A esta cadena histórica hoy tenemos que sumarle un nuevo eslabón, y es ahí donde la comparación con las redes sociales deja de alcanzar. OpenAI, la empresa que gestiona ChatGPT, anunció que comenzará a mostrar anuncios publicitarios en la versión gratuita y en el plan básico de bajo costo, es decir, los segmentos más numerosos y activos.

Los anuncios aparecen identificados y separados de las respuestas, y la empresa sostiene que la publicidad no modifica ni influye en lo que responde el sistema. Al mismo tiempo, reconoce que puede utilizar el contexto de la conversación para seleccionar anuncios más relevantes.

ChatGPT ya supera los 900 millones de usuarios activos semanales a nivel global. Después de su estreno en EEUU, OpenAI extendió ChatGPT Ads primero a India y, desde el 24 de agosto, a 31 países europeos, incluyendo Alemania, España, Francia y Bélgica. Algunos usuarios en México y Brasil ya ven publicidades y se estima que esta modalidad llegará a la Argentina hacia finales de este año o principios de 2027.

Detrás de esta expansión también hay una necesidad concreta: sostener el negocio de la IA generativa exige inversiones multimillonarias en infraestructura y capacidad de procesamiento, y la publicidad aparece como una de las pocas vías capaces de financiar esa escala en los planes gratuitos.

Pero el verdadero interrogante no es solamente económico. La hipersegmentación de las redes sociales, por más invasiva que fuera, seguía operando sobre un terreno donde el usuario sabía distinguir el contenido de la publicidad: un aviso patrocinado, por más preciso que fuera su targeting, seguía apareciendo como aviso. En una conversación con una IA esa frontera se disuelve. Un anuncio podría adquirir la apariencia de una recomendación, una respuesta o incluso un consejo, formulado además con la misma voz de autoridad conversacional que usamos para pedirle una opinión médica, legal o afectiva.

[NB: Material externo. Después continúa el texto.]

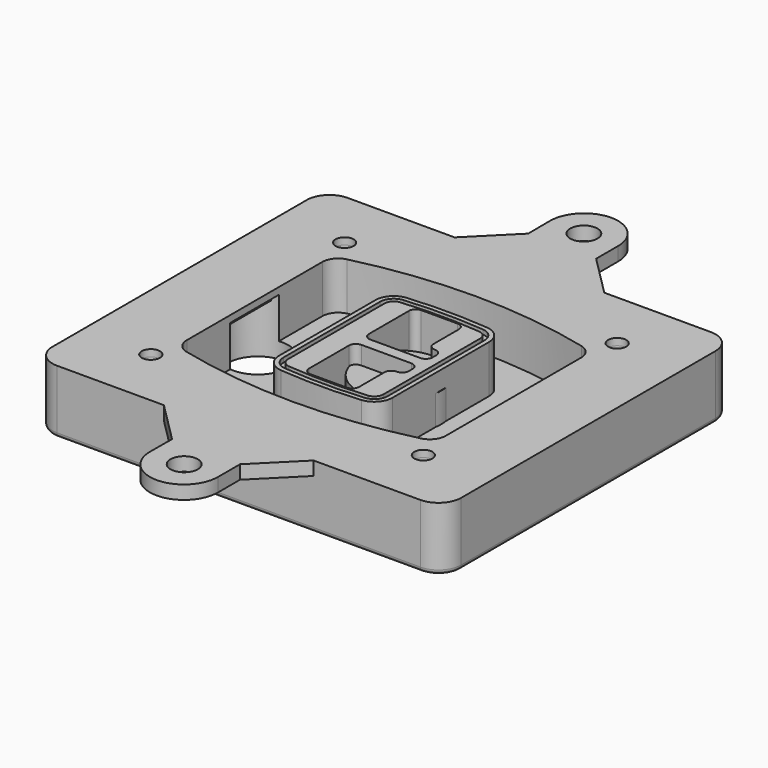
from build123d import *

# Parameters (mm, degrees)
F0_R      = 4
F1_DEPTH  = 25
F2_DEPTH  = 3
F3_DEPTH  = 18
F5_DEPTH  = 21
F6_DEPTH  = 2
F8_DEPTH  = 20
F9_DEPTH  = 16
F10_DEPTH = 25
F7_R      = 6
F7_R_2    = 4
F11_DEPTH = 6
F13_DEPTH = 9
F15_R     = 2
F16_R     = 4
F16_R_2   = 6
F17_DEPTH = 3


# Not quite as in the source:
# - a feature of the source that left no trace in its solid (it failed there, or was rolled back) is left out
# - a feature names something its author has since deleted; it is built from what else it names


with BuildPart() as f1:
    # F0 (on Top) → F1 (new body)
    with BuildSketch(Plane.XY):
        with BuildLine():
            ThreePointArc((-90, -70), (-87.0710678119, -77.0710678119), (-80, -80))
            Line((-80, -80), (80, -80))
            ThreePointArc((80, -80), (87.0710678119, -77.0710678119), (90, -70))
            Line((90, -70), (90, 70))
            ThreePointArc((90, 70), (87.0710678119, 77.0710678119), (80, 80))
            Line((80, 80), (-80, 80))
            ThreePointArc((-80, 80), (-87.0710678119, 77.0710678119), (-90, 70))
            Line((-90, 70), (-90, -70))
        make_face()
        with Locations((-60, -53.3333333333)):
            Circle(F0_R, mode=Mode.SUBTRACT)
        with Locations((60, -53.3333333333)):
            Circle(F0_R, mode=Mode.SUBTRACT)
        with BuildLine():
            ThreePointArc((-64, 37.2990447398), (-61.0143011354, 45.9411029726), (-53.3306899286, 50.8970778549))
            ThreePointArc((-53.3306899286, 50.8970778549), (0, 57.3333333333), (53.3306899286, 50.8970778549))
            ThreePointArc((53.3306899286, 50.8970778549), (61.0143011354, 45.9411029726), (64, 37.2990447398))
            Line((64, 37.2990447398), (64, -37.2990447398))
            ThreePointArc((64, -37.2990447398), (61.0143011354, -45.9411029726), (53.3306899286, -50.8970778549))
            ThreePointArc((53.3306899286, -50.8970778549), (0, -57.3333333333), (-53.3306899286, -50.8970778549))
            ThreePointArc((-53.3306899286, -50.8970778549), (-61.0143011354, -45.9411029726), (-64, -37.2990447398))
            Line((-64, -37.2990447398), (-64, 37.2990447398))
        make_face(mode=Mode.SUBTRACT)
        with Locations((-60, 53.3333333333)):
            Circle(F0_R, mode=Mode.SUBTRACT)
        with Locations((60, 53.3333333333)):
            Circle(F0_R, mode=Mode.SUBTRACT)
        with BuildLine():
            ThreePointArc((53.3306899286, 50.8970778549), (0, 57.3333333333), (-53.3306899286, 50.8970778549))
            ThreePointArc((-53.3306899286, 50.8970778549), (-61.0143011354, 45.9411029726), (-64, 37.2990447398))
            Line((-64, 37.2990447398), (-64, -37.2990447398))
            ThreePointArc((-64, -37.2990447398), (-61.0143011354, -45.9411029726), (-53.3306899286, -50.8970778549))
            ThreePointArc((-53.3306899286, -50.8970778549), (0, -57.3333333333), (53.3306899286, -50.8970778549))
            ThreePointArc((53.3306899286, -50.8970778549), (61.0143011354, -45.9411029726), (64, -37.2990447398))
            Line((64, -37.2990447398), (64, 37.2990447398))
            ThreePointArc((64, 37.2990447398), (61.0143011354, 45.9411029726), (53.3306899286, 50.8970778549))
        make_face()
        with BuildLine():
            Line((-60, -37.2990447398), (-60, 37.2990447398))
            ThreePointArc((-60, 37.2990447398), (-57.8673579538, 43.4719434775), (-52.3790642347, 47.0119255363))
            ThreePointArc((-52.3790642347, 47.0119255363), (0, 53.3333333333), (52.3790642347, 47.0119255363))
            ThreePointArc((52.3790642347, 47.0119255363), (57.8673579538, 43.4719434775), (60, 37.2990447398))
            Line((60, 37.2990447398), (60, -37.2990447398))
            ThreePointArc((60, -37.2990447398), (57.8673579538, -43.4719434775), (52.3790642347, -47.0119255363))
            ThreePointArc((52.3790642347, -47.0119255363), (0, -53.3333333333), (-52.3790642347, -47.0119255363))
            ThreePointArc((-52.3790642347, -47.0119255363), (-57.8673579538, -43.4719434775), (-60, -37.2990447398))
        make_face(mode=Mode.SUBTRACT)
        with BuildLine():
            ThreePointArc((-52.3790642347, 47.0119255363), (-57.8673579538, 43.4719434775), (-60, 37.2990447398))
            Line((-60, 37.2990447398), (-60, -37.2990447398))
            ThreePointArc((-60, -37.2990447398), (-57.8673579538, -43.4719434775), (-52.3790642347, -47.0119255363))
            ThreePointArc((-52.3790642347, -47.0119255363), (0, -53.3333333333), (52.3790642347, -47.0119255363))
            ThreePointArc((52.3790642347, -47.0119255363), (57.8673579538, -43.4719434775), (60, -37.2990447398))
            Line((60, -37.2990447398), (60, 37.2990447398))
            ThreePointArc((60, 37.2990447398), (57.8673579538, 43.4719434775), (52.3790642347, 47.0119255363))
            ThreePointArc((52.3790642347, 47.0119255363), (0, 53.3333333333), (-52.3790642347, 47.0119255363))
        make_face()
        with BuildLine():
            ThreePointArc((51.6653449643, 44.0980612973), (55.5071505677, 41.6200738562), (57, 37.2990447398))
            Line((57, 37.2990447398), (57, -37.2990447398))
            ThreePointArc((57, -37.2990447398), (55.5071505677, -41.6200738562), (51.6653449643, -44.0980612973))
            ThreePointArc((51.6653449643, -44.0980612973), (0, -50.3333333333), (-51.6653449643, -44.0980612973))
            ThreePointArc((-51.6653449643, -44.0980612973), (-55.5071505677, -41.6200738562), (-57, -37.2990447398))
            Line((-57, -37.2990447398), (-57, 37.2990447398))
            ThreePointArc((-57, 37.2990447398), (-55.5071505677, 41.6200738562), (-51.6653449643, 44.0980612973))
            ThreePointArc((-51.6653449643, 44.0980612973), (0, 50.3333333333), (51.6653449643, 44.0980612973))
        make_face(mode=Mode.SUBTRACT)
        with BuildLine():
            Line((57, -37.2990447398), (57, 37.2990447398))
            ThreePointArc((57, 37.2990447398), (55.5071505677, 41.6200738562), (51.6653449643, 44.0980612973))
            ThreePointArc((51.6653449643, 44.0980612973), (0, 50.3333333333), (-51.6653449643, 44.0980612973))
            ThreePointArc((-51.6653449643, 44.0980612973), (-55.5071505677, 41.6200738562), (-57, 37.2990447398))
            Line((-57, 37.2990447398), (-57, -37.2990447398))
            ThreePointArc((-57, -37.2990447398), (-55.5071505677, -41.6200738562), (-51.6653449643, -44.0980612973))
            ThreePointArc((-51.6653449643, -44.0980612973), (0, -50.3333333333), (51.6653449643, -44.0980612973))
            ThreePointArc((51.6653449643, -44.0980612973), (55.5071505677, -41.6200738562), (57, -37.2990447398))
        make_face()
    extrude(amount=-F1_DEPTH)

    # F0 (on Top) → F2 (join)
    with BuildSketch(Plane.XY):
        with BuildLine():
            ThreePointArc((-52.3790642347, 47.0119255363), (-57.8673579538, 43.4719434775), (-60, 37.2990447398))
            Line((-60, 37.2990447398), (-60, -37.2990447398))
            ThreePointArc((-60, -37.2990447398), (-57.8673579538, -43.4719434775), (-52.3790642347, -47.0119255363))
            ThreePointArc((-52.3790642347, -47.0119255363), (0, -53.3333333333), (52.3790642347, -47.0119255363))
            ThreePointArc((52.3790642347, -47.0119255363), (57.8673579538, -43.4719434775), (60, -37.2990447398))
            Line((60, -37.2990447398), (60, 37.2990447398))
            ThreePointArc((60, 37.2990447398), (57.8673579538, 43.4719434775), (52.3790642347, 47.0119255363))
            ThreePointArc((52.3790642347, 47.0119255363), (0, 53.3333333333), (-52.3790642347, 47.0119255363))
        make_face()
        with BuildLine():
            ThreePointArc((51.6653449643, 44.0980612973), (55.5071505677, 41.6200738562), (57, 37.2990447398))
            Line((57, 37.2990447398), (57, -37.2990447398))
            ThreePointArc((57, -37.2990447398), (55.5071505677, -41.6200738562), (51.6653449643, -44.0980612973))
            ThreePointArc((51.6653449643, -44.0980612973), (0, -50.3333333333), (-51.6653449643, -44.0980612973))
            ThreePointArc((-51.6653449643, -44.0980612973), (-55.5071505677, -41.6200738562), (-57, -37.2990447398))
            Line((-57, -37.2990447398), (-57, 37.2990447398))
            ThreePointArc((-57, 37.2990447398), (-55.5071505677, 41.6200738562), (-51.6653449643, 44.0980612973))
            ThreePointArc((-51.6653449643, 44.0980612973), (0, 50.3333333333), (51.6653449643, 44.0980612973))
        make_face(mode=Mode.SUBTRACT)
    extrude(amount=F2_DEPTH)

    # F0 (on Top) → F3 (cut)
    with BuildSketch(Plane.XY):
        with BuildLine():
            Line((57, -37.2990447398), (57, 37.2990447398))
            ThreePointArc((57, 37.2990447398), (55.5071505677, 41.6200738562), (51.6653449643, 44.0980612973))
            ThreePointArc((51.6653449643, 44.0980612973), (0, 50.3333333333), (-51.6653449643, 44.0980612973))
            ThreePointArc((-51.6653449643, 44.0980612973), (-55.5071505677, 41.6200738562), (-57, 37.2990447398))
            Line((-57, 37.2990447398), (-57, -37.2990447398))
            ThreePointArc((-57, -37.2990447398), (-55.5071505677, -41.6200738562), (-51.6653449643, -44.0980612973))
            ThreePointArc((-51.6653449643, -44.0980612973), (0, -50.3333333333), (51.6653449643, -44.0980612973))
            ThreePointArc((51.6653449643, -44.0980612973), (55.5071505677, -41.6200738562), (57, -37.2990447398))
        make_face()
    extrude(amount=-F3_DEPTH, mode=Mode.SUBTRACT)

    # F4 (on face) → F5 (join, through all)
    with BuildSketch(Plane.XY.offset(3)):
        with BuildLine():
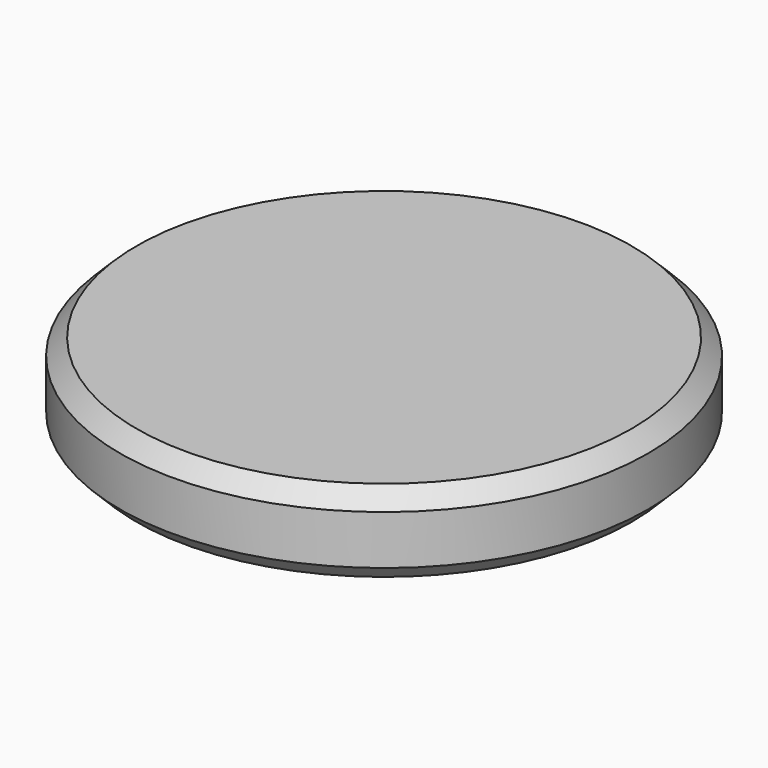
from build123d import *

# Parameters (mm, degrees)
F0_R     = 16.0774395659
F1_DEPTH = 5
F2_SIZE  = 1
F5_SIZE  = 1


# Not quite as in the source:
# - the program builds the solid bodies; features that only make, move or delete a surface that nothing else refers to are left out


with BuildPart() as f1:
    # F0 (on Top) → F1 (new body)
    with BuildSketch(Plane.XY):
        Circle(F0_R)
    extrude(amount=F1_DEPTH)

    # F2
    f2_edges = [f1.edges().sort_by_distance(p)[0] for p in [
        (-16.07744, 0, 5),
    ]]
    chamfer(f2_edges, length=F2_SIZE)

    # F5
    f5_edges = [f1.edges().sort_by_distance(p)[0] for p in [
        (-16.07744, 0, 0),
    ]]
    chamfer(f5_edges, length=F5_SIZE)


solid = f1.part

Ese es el salto cualitativo: no se trata solo de saber más sobre el usuario, como ya lograban las redes sociales, sino de intervenir en el vínculo de confianza que se construye con una herramienta a la que cada vez más le pedimos que piense con nosotros (o por nosotros, en muchos casos). La hipersegmentación explotaba nuestros datos, este nuevo modelo podría explotar nuestra confianza en la respuesta misma.

En este punto, aparece la principal advertencia que dejan las redes sociales. Durante años dejamos que crecieran a una velocidad mucho mayor que nuestra capacidad para discutir sus consecuencias. Ahora son las empresas y los organismos reguladores los que intentan responder, muchas veces desde los tribunales, a problemas que podrían haberse previsto antes.

Sería deseable que esta vez empresas, usuarios y reguladores no esperemos a que los problemas lleguen a los tribunales para empezar a preguntarnos cuáles deberían ser sus límites.